A word-for-word transcription of the records is required.

### DATA TO USE
= = = = =
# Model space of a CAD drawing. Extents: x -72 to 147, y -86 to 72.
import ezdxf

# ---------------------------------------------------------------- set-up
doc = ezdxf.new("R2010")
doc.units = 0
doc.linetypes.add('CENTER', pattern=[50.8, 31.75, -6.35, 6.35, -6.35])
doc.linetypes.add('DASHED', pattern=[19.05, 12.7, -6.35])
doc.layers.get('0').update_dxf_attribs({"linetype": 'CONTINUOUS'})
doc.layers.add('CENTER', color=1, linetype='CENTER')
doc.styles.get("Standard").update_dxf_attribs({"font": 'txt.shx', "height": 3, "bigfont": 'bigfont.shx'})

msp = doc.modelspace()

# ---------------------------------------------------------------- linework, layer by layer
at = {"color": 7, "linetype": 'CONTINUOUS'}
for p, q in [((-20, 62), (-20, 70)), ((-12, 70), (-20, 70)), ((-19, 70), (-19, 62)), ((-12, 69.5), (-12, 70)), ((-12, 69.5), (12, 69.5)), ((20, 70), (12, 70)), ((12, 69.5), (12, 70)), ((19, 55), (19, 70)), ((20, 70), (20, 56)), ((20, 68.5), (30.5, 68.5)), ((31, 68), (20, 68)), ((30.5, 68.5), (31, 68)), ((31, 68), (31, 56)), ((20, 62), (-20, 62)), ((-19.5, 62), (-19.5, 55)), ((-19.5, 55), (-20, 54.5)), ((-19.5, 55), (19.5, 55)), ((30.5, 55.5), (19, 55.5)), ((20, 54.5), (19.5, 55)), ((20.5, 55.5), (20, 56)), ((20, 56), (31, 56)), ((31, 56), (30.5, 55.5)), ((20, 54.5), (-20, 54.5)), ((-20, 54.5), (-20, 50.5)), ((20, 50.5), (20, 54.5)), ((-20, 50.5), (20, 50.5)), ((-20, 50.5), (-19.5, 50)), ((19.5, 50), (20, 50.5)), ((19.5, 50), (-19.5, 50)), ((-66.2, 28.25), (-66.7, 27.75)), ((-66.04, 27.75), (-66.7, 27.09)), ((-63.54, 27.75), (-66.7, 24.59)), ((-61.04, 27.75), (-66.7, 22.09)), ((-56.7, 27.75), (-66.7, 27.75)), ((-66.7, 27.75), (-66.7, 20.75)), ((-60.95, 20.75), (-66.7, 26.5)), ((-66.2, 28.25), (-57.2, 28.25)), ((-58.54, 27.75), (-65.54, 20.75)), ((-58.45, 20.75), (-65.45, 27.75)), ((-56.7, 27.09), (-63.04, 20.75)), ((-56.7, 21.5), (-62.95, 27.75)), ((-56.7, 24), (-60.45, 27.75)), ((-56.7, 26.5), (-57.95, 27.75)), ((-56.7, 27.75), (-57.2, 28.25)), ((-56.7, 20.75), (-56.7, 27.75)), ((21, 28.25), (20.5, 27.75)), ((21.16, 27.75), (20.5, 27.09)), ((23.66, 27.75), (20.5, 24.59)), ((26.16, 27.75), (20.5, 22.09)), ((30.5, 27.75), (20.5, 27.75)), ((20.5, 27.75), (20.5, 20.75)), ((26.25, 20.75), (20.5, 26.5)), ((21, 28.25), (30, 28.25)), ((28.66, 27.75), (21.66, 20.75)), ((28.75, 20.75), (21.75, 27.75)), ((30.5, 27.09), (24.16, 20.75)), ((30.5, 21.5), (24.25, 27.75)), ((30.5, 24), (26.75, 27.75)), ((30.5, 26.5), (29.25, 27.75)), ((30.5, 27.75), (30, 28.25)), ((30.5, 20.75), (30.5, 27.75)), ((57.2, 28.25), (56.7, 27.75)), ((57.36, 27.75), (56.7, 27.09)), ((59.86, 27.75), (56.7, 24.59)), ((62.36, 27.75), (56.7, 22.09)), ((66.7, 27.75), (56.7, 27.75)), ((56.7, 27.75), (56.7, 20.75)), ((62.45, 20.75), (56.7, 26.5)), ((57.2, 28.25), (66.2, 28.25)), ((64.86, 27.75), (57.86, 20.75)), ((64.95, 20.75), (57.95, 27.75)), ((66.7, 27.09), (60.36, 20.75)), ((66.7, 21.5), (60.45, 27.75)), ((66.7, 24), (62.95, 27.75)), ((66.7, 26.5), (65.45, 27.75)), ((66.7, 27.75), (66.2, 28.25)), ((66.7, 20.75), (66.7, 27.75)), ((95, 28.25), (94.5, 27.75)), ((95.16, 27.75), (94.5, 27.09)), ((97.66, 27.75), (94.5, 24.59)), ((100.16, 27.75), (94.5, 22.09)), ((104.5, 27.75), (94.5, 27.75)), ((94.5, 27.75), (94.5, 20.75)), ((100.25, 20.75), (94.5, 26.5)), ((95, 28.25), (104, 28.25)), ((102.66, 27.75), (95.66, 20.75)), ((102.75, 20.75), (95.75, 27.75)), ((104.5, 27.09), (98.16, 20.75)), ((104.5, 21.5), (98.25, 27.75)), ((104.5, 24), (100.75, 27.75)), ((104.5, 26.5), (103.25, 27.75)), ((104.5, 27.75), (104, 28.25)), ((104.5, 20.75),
= = = = =
### EXERCISE RESPONSE
# Model space of a CAD drawing. Extents: x -72 to 147, y -86 to 72.
import ezdxf

# ---------------------------------------------------------------- set-up
doc = ezdxf.new("R2010")
doc.units = 0
doc.linetypes.add('CENTER', pattern=[50.8, 31.75, -6.35, 6.35, -6.35])
doc.linetypes.add('DASHED', pattern=[19.05, 12.7, -6.35])
doc.layers.get('0').update_dxf_attribs({"linetype": 'CONTINUOUS'})
doc.layers.add('CENTER', color=1, linetype='CENTER')
doc.styles.get("Standard").update_dxf_attribs({"font": 'txt.shx', "height": 3, "bigfont": 'bigfont.shx'})

msp = doc.modelspace()

# ---------------------------------------------------------------- linework, layer by layer
at = {"color": 7, "linetype": 'CONTINUOUS'}
for p, q in [((-20, 62), (-20, 70)), ((-12, 70), (-20, 70)), ((-19, 70), (-19, 62)), ((-12, 69.5), (-12, 70)), ((-12, 69.5), (12, 69.5)), ((20, 70), (12, 70)), ((12, 69.5), (12, 70)), ((19, 55), (19, 70)), ((20, 70), (20, 56)), ((20, 68.5), (30.5, 68.5)), ((31, 68), (20, 68)), ((30.5, 68.5), (31, 68)), ((31, 68), (31, 56)), ((20, 62), (-20, 62)), ((-19.5, 62), (-19.5, 55)), ((-19.5, 55), (-20, 54.5)), ((-19.5, 55), (19.5, 55)), ((30.5, 55.5), (19, 55.5)), ((20, 54.5), (19.5, 55)), ((20.5, 55.5), (20, 56)), ((20, 56), (31, 56)), ((31, 56), (30.5, 55.5)), ((20, 54.5), (-20, 54.5)), ((-20, 54.5), (-20, 50.5)), ((20, 50.5), (20, 54.5)), ((-20, 50.5), (20, 50.5)), ((-20, 50.5), (-19.5, 50)), ((19.5, 50), (20, 50.5)), ((19.5, 50), (-19.5, 50)), ((-66.2, 28.25), (-66.7, 27.75)), ((-66.04, 27.75), (-66.7, 27.09)), ((-63.54, 27.75), (-66.7, 24.59)), ((-61.04, 27.75), (-66.7, 22.09)), ((-56.7, 27.75), (-66.7, 27.75)), ((-66.7, 27.75), (-66.7, 20.75)), ((-60.95, 20.75), (-66.7, 26.5)), ((-66.2, 28.25), (-57.2, 28.25)), ((-58.54, 27.75), (-65.54, 20.75)), ((-58.45, 20.75), (-65.45, 27.75)), ((-56.7, 27.09), (-63.04, 20.75)), ((-56.7, 21.5), (-62.95, 27.75)), ((-56.7, 24), (-60.45, 27.75)), ((-56.7, 26.5), (-57.95, 27.75)), ((-56.7, 27.75), (-57.2, 28.25)), ((-56.7, 20.75), (-56.7, 27.75)), ((21, 28.25), (20.5, 27.75)), ((21.16, 27.75), (20.5, 27.09)), ((23.66, 27.75), (20.5, 24.59)), ((26.16, 27.75), (20.5, 22.09)), ((30.5, 27.75), (20.5, 27.75)), ((20.5, 27.75), (20.5, 20.75)), ((26.25, 20.75), (20.5, 26.5)), ((21, 28.25), (30, 28.25)), ((28.66, 27.75), (21.66, 20.75)), ((28.75, 20.75), (21.75, 27.75)), ((30.5, 27.09), (24.16, 20.75)), ((30.5, 21.5), (24.25, 27.75)), ((30.5, 24), (26.75, 27.75)), ((30.5, 26.5), (29.25, 27.75)), ((30.5, 27.75), (30, 28.25)), ((30.5, 20.75), (30.5, 27.75)), ((57.2, 28.25), (56.7, 27.75)), ((57.36, 27.75), (56.7, 27.09)), ((59.86, 27.75), (56.7, 24.59)), ((62.36, 27.75), (56.7, 22.09)), ((66.7, 27.75), (56.7, 27.75)), ((56.7, 27.75), (56.7, 20.75)), ((62.45, 20.75), (56.7, 26.5)), ((57.2, 28.25), (66.2, 28.25)), ((64.86, 27.75), (57.86, 20.75)), ((64.95, 20.75), (57.95, 27.75)), ((66.7, 27.09), (60.36, 20.75)), ((66.7, 21.5), (60.45, 27.75)), ((66.7, 24), (62.95, 27.75)), ((66.7, 26.5), (65.45, 27.75)), ((66.7, 27.75), (66.2, 28.25)), ((66.7, 20.75), (66.7, 27.75)), ((95, 28.25), (94.5, 27.75)), ((95.16, 27.75), (94.5, 27.09)), ((97.66, 27.75), (94.5, 24.59)), ((100.16, 27.75), (94.5, 22.09)), ((104.5, 27.75), (94.5, 27.75)), ((94.5, 27.75), (94.5, 20.75)), ((100.25, 20.75), (94.5, 26.5)), ((95, 28.25), (104, 28.25)), ((102.66, 27.75), (95.66, 20.75)), ((102.75, 20.75), (95.75, 27.75)), ((104.5, 27.09), (98.16, 20.75)), ((104.5, 21.5), (98.25, 27.75)), ((104.5, 24), (100.75, 27.75)), ((104.5, 26.5), (103.25, 27.75)), ((104.5, 27.75), (104, 28.25)), ((104.5, 20.75),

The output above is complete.